WORK TO BE COMPLETED ▸ What lines below hold the string "page"? Copy them all.

(Dataset records)
━━━

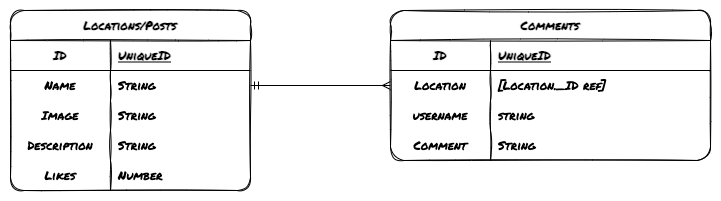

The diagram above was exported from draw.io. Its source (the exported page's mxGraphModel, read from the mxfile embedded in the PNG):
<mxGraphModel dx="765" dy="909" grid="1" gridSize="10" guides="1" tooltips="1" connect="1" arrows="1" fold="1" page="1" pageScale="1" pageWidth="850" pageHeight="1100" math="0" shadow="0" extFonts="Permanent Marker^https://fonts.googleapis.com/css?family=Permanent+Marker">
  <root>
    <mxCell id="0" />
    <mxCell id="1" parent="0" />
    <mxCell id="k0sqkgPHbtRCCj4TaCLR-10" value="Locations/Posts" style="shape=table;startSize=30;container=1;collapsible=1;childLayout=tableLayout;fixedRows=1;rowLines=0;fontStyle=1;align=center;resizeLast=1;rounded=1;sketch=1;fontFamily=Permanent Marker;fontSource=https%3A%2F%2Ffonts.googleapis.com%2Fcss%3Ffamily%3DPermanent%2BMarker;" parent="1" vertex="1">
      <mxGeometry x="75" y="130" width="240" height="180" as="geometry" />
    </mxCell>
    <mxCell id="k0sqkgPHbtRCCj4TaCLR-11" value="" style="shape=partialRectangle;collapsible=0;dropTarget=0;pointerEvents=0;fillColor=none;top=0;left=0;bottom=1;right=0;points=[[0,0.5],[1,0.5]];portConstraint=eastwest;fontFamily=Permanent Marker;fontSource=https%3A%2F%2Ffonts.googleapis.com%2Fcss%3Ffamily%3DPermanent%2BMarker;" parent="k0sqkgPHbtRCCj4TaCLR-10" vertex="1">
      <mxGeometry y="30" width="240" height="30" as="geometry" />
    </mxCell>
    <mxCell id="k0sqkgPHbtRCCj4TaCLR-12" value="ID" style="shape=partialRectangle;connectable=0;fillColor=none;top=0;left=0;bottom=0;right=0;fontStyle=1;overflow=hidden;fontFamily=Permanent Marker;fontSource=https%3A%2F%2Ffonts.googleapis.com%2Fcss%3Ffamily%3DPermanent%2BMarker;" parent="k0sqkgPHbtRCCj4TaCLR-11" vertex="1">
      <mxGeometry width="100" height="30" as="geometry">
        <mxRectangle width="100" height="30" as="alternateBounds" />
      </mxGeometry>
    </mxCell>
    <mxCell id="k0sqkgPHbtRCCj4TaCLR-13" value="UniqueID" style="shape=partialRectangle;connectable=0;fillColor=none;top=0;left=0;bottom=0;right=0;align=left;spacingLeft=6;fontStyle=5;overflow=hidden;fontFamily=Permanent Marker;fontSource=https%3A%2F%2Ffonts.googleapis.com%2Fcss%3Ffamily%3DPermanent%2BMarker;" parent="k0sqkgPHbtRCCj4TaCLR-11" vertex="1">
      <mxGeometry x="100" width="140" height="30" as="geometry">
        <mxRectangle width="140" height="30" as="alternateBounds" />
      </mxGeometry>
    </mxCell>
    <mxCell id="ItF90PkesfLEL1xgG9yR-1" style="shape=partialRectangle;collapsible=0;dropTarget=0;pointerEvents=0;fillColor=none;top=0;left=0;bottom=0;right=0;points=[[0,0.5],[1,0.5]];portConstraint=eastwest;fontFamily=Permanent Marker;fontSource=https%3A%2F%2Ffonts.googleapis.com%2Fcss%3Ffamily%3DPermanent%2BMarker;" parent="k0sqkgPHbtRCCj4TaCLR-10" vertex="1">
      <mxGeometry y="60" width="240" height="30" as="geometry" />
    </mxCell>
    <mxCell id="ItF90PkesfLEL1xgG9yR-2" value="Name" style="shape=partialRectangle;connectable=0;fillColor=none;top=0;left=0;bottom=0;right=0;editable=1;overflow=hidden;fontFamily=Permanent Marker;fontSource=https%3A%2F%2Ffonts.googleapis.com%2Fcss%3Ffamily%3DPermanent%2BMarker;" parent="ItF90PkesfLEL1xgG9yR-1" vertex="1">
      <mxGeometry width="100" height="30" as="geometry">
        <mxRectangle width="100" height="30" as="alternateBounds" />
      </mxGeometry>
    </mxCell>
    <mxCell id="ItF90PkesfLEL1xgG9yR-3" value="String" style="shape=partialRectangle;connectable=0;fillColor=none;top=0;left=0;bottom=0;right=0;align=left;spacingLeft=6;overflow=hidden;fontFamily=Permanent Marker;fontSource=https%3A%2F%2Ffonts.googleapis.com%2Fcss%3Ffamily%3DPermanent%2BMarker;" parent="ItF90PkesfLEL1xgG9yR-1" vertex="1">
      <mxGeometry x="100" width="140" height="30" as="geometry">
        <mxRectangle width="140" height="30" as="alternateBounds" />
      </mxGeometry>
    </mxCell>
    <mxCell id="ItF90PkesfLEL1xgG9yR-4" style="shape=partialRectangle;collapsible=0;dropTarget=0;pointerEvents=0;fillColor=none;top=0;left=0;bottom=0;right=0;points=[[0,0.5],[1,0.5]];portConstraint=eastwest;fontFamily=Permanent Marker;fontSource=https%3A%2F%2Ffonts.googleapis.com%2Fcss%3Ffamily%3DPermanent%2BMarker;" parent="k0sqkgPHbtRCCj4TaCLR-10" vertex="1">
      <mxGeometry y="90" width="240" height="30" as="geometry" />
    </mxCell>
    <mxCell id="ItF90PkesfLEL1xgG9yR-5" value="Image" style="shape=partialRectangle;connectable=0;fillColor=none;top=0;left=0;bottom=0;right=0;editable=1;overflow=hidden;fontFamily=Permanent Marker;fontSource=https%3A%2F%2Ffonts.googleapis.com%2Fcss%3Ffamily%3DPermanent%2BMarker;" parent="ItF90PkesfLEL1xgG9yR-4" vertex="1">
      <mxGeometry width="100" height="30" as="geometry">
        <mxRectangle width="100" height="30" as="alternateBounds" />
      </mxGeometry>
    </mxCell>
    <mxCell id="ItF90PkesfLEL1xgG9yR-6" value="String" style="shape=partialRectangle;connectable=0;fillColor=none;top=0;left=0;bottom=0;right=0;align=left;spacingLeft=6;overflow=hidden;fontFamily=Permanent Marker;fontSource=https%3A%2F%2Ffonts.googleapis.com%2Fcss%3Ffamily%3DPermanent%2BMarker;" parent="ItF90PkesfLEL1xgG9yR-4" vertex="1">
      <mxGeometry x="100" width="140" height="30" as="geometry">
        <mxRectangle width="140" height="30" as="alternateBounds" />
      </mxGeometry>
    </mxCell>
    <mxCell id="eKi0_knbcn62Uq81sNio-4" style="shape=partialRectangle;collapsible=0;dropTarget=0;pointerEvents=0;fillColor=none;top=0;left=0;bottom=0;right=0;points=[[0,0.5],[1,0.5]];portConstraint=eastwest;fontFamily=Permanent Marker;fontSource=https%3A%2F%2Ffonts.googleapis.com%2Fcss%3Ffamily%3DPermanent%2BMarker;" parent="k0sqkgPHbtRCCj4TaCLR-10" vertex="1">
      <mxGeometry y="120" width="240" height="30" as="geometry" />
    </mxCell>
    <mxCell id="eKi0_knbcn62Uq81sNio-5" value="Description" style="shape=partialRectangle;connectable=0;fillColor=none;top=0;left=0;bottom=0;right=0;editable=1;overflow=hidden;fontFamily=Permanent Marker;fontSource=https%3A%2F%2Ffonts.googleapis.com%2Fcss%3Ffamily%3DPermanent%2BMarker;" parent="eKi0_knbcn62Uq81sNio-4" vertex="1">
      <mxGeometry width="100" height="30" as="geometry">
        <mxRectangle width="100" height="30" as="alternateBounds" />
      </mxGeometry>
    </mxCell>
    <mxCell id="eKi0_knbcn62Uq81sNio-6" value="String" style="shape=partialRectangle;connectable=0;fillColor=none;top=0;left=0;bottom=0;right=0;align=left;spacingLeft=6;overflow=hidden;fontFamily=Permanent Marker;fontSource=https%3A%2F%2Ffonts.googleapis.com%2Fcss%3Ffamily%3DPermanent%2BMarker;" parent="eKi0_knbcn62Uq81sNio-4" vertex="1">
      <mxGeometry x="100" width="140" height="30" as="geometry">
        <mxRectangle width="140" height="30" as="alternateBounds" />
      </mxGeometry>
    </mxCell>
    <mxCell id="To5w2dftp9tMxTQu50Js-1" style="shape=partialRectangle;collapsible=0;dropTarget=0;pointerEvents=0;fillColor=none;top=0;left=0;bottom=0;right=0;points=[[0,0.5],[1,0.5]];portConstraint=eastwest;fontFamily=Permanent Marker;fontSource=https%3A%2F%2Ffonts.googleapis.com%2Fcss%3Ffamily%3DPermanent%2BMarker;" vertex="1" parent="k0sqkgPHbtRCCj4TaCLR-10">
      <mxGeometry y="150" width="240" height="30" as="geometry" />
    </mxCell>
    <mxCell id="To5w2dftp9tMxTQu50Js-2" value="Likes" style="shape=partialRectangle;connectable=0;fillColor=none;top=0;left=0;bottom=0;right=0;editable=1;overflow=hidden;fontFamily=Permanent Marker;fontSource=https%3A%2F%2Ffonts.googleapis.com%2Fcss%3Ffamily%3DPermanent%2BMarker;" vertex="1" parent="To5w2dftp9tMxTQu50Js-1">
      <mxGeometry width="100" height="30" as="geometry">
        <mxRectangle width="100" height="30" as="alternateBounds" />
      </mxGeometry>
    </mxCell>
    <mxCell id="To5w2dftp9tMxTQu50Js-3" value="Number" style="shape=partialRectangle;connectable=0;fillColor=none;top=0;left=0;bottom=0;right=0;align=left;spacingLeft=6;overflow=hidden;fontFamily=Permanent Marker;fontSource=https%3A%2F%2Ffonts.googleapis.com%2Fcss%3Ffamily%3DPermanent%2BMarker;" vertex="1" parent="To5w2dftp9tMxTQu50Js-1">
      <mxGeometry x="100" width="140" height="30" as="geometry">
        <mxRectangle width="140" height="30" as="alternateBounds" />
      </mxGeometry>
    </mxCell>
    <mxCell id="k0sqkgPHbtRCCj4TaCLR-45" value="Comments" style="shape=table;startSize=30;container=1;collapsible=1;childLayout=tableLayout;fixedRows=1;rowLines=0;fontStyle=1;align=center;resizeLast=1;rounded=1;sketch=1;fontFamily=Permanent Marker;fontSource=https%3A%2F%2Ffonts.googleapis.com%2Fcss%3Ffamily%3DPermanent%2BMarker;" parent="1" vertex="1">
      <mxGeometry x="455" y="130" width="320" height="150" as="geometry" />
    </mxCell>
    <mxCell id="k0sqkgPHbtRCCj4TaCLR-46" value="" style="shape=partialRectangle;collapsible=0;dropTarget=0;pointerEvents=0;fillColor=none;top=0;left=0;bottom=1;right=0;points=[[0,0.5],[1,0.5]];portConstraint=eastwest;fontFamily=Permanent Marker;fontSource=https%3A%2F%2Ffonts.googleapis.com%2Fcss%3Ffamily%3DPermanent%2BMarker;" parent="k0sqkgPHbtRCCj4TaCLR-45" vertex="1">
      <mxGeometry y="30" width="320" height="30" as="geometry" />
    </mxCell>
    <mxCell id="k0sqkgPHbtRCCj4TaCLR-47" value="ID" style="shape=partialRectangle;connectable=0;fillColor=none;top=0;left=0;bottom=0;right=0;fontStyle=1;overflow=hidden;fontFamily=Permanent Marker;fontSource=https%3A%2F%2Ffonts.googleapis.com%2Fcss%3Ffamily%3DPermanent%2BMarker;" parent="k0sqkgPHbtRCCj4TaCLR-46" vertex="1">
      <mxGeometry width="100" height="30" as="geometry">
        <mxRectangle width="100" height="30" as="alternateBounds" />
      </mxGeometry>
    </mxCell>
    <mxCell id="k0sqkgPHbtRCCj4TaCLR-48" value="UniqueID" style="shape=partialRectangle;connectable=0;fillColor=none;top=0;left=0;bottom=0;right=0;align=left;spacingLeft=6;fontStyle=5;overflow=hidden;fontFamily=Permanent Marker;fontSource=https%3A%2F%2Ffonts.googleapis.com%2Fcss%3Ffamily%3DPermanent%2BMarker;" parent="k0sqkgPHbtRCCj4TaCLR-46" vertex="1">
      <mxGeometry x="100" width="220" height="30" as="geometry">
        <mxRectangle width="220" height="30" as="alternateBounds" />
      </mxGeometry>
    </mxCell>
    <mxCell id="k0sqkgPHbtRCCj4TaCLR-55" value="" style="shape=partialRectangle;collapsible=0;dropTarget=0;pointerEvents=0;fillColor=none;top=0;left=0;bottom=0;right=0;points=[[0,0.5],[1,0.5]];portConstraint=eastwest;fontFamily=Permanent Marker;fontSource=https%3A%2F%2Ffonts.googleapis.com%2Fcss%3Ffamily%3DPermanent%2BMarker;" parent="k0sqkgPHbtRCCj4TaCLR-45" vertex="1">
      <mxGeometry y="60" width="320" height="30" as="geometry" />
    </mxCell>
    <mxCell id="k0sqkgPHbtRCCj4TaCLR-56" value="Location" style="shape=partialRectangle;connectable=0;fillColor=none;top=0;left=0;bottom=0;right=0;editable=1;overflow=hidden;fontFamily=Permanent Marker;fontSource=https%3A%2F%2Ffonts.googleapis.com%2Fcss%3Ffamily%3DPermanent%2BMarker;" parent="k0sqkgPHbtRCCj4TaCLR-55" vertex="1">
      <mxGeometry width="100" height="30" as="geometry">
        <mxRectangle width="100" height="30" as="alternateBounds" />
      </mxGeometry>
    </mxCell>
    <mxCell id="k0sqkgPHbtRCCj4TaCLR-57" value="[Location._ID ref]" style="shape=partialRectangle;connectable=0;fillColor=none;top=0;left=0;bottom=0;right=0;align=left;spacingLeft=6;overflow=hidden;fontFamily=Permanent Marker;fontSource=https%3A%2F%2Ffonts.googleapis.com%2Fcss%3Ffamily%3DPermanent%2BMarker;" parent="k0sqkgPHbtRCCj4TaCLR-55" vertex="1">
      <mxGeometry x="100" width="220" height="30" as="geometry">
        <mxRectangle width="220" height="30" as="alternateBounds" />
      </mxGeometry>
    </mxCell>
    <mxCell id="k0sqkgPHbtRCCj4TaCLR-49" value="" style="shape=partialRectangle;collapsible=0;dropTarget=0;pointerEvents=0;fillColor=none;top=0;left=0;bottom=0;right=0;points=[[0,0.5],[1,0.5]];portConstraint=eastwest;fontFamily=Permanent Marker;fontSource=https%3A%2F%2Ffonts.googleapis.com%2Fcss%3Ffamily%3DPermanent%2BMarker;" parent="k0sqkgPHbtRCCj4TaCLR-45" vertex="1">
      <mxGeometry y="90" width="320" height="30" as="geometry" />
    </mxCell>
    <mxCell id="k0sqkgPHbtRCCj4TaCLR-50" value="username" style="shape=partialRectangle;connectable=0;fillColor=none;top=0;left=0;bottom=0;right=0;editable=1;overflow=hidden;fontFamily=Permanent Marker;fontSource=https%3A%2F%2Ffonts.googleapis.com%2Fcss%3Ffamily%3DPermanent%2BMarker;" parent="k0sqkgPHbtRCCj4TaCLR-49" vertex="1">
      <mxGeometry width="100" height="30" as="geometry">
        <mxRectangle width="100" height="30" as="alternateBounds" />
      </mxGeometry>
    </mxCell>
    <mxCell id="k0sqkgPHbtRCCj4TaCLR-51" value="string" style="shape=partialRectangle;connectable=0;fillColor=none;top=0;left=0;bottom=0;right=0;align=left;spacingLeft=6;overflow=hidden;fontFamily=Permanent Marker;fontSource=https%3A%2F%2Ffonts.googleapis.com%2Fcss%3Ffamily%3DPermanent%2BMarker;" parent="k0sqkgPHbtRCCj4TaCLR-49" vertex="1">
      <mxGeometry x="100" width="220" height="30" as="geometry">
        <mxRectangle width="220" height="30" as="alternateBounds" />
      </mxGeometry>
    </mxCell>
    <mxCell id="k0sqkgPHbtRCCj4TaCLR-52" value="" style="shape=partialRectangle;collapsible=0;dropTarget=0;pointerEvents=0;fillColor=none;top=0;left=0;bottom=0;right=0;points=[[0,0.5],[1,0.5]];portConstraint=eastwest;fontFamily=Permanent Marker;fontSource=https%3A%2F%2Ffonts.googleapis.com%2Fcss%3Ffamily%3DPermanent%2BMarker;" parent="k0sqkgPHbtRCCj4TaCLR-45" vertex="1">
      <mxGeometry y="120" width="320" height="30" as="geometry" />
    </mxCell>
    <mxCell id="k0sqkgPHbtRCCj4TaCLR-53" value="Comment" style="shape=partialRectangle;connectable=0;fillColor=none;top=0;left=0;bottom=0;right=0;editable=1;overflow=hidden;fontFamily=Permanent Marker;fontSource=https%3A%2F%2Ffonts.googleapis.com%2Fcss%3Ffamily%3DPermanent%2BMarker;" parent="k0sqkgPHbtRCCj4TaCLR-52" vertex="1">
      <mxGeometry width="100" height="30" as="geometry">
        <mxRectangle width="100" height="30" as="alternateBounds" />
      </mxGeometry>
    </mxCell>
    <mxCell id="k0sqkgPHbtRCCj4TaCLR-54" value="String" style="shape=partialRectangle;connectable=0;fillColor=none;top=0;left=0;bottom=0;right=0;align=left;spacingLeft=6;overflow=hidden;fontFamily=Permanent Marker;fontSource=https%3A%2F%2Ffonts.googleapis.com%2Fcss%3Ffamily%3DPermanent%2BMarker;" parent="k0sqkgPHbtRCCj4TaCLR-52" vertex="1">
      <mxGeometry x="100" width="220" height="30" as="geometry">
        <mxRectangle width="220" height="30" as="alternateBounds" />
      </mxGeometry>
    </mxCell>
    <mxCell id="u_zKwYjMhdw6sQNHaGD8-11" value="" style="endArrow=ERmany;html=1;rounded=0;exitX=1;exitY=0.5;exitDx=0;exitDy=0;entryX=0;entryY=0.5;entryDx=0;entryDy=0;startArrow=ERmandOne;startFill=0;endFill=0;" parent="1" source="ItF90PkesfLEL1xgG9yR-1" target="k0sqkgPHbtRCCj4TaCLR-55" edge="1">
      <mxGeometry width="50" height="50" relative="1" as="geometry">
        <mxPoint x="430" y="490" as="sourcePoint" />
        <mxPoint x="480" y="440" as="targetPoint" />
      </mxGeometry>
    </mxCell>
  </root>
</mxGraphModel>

━━━

ANSWER TO THIS PROBLEM ▸
The diagram above was exported from draw.io. Its source (the exported page's mxGraphModel, read from the mxfile embedded in the PNG):
<mxGraphModel dx="765" dy="909" grid="1" gridSize="10" guides="1" tooltips="1" connect="1" arrows="1" fold="1" page="1" pageScale="1" pageWidth="850" pageHeight="1100" math="0" shadow="0" extFonts="Permanent Marker^https://fonts.googleapis.com/css?family=Permanent+Marker">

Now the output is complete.